My best approach so far...

Spoiler

I calculated an expected value for the day to catch the rat for this as about 81.9813 days.
First, check hole 95, then 98.  Then, starting with hole 3, check every third hole (moving an extra hole twice... 19 instead of 18, then 35 instead of 34).  Go back to hole 3 and begin checking every 3rd hole again with the same modifications, and repeat.

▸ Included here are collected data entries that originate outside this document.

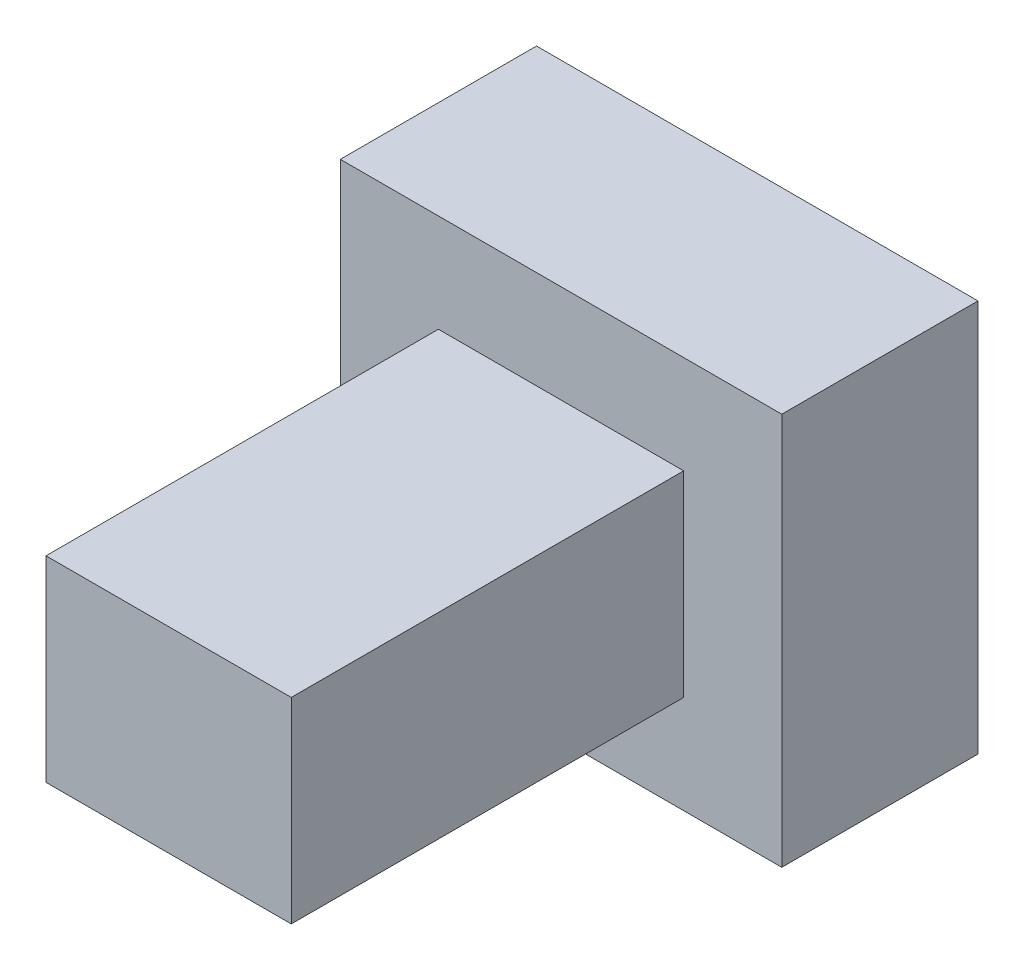
from build123d import *

# Parameters (mm, degrees)
SKETCH_1_W           = 2.5
SKETCH_1_H           = 2
EXTRUDE_1_DEPTH      = 5
EXTRUDE_3_DEPTH      = 1
EXTRUDE_3_DEPTH_BACK = 1
SKETCH_2_W           = 4.5
SKETCH_2_H           = 4
SKETCH_2_W_2         = 2.5
SKETCH_2_H_2         = 2


with BuildPart() as part:
    # 草图1 → 凸台-拉伸1 (new body)
    with BuildSketch(Plane.XY):
        with Locations((1.25, 1)):
            Rectangle(SKETCH_1_W, SKETCH_1_H)
    extrude(amount=EXTRUDE_1_DEPTH)

    # 草图2 → 凸台-拉伸3 (add, two sides: drawn at the far end of the back side and taken through both)
    with BuildSketch(Plane(origin=(0, 0, 0), x_dir=(-1, 0, 0), z_dir=(0, 0, -1)).offset(-EXTRUDE_3_DEPTH_BACK)):
        with Locations((-1.25, 1)):
            Rectangle(SKETCH_2_W, SKETCH_2_H)
        with Locations((-1.25, 1)):
            Rectangle(SKETCH_2_W_2, SKETCH_2_H_2, mode=Mode.SUBTRACT)
    extrude(amount=EXTRUDE_3_DEPTH + EXTRUDE_3_DEPTH_BACK)


solid = part.part

My code is 0-based, so add 1 to those if you want the holes numbered 1-100.

    doday(94);
    doday(97);
    for(int j = 0; j <= 33; j++)
    {
        for(int i = 2; i <= 14; i+=3) doday(i);
        for(int i = 18; i <= 30; i+=3) doday(i);
        for(int i = 34; i <= 97; i+=3) doday(i);
    }

It seems we calculate the expected value for the day the rat is found differently.

Spoiler

I have that Evilhubert's approach would take 862.492 days.  (And my initial guess wasn't much better, at 782.726)

 

[Bob Bixler]

Yes, you have the basic procedure which is to start at or near one end and move 3 holes each time until you reach the end and repeat at or near the start.  There are subtle modifications as you describe but they all give about the same result.  The interesting point is that there is an enormous difference between this approach and offhand initial guesses.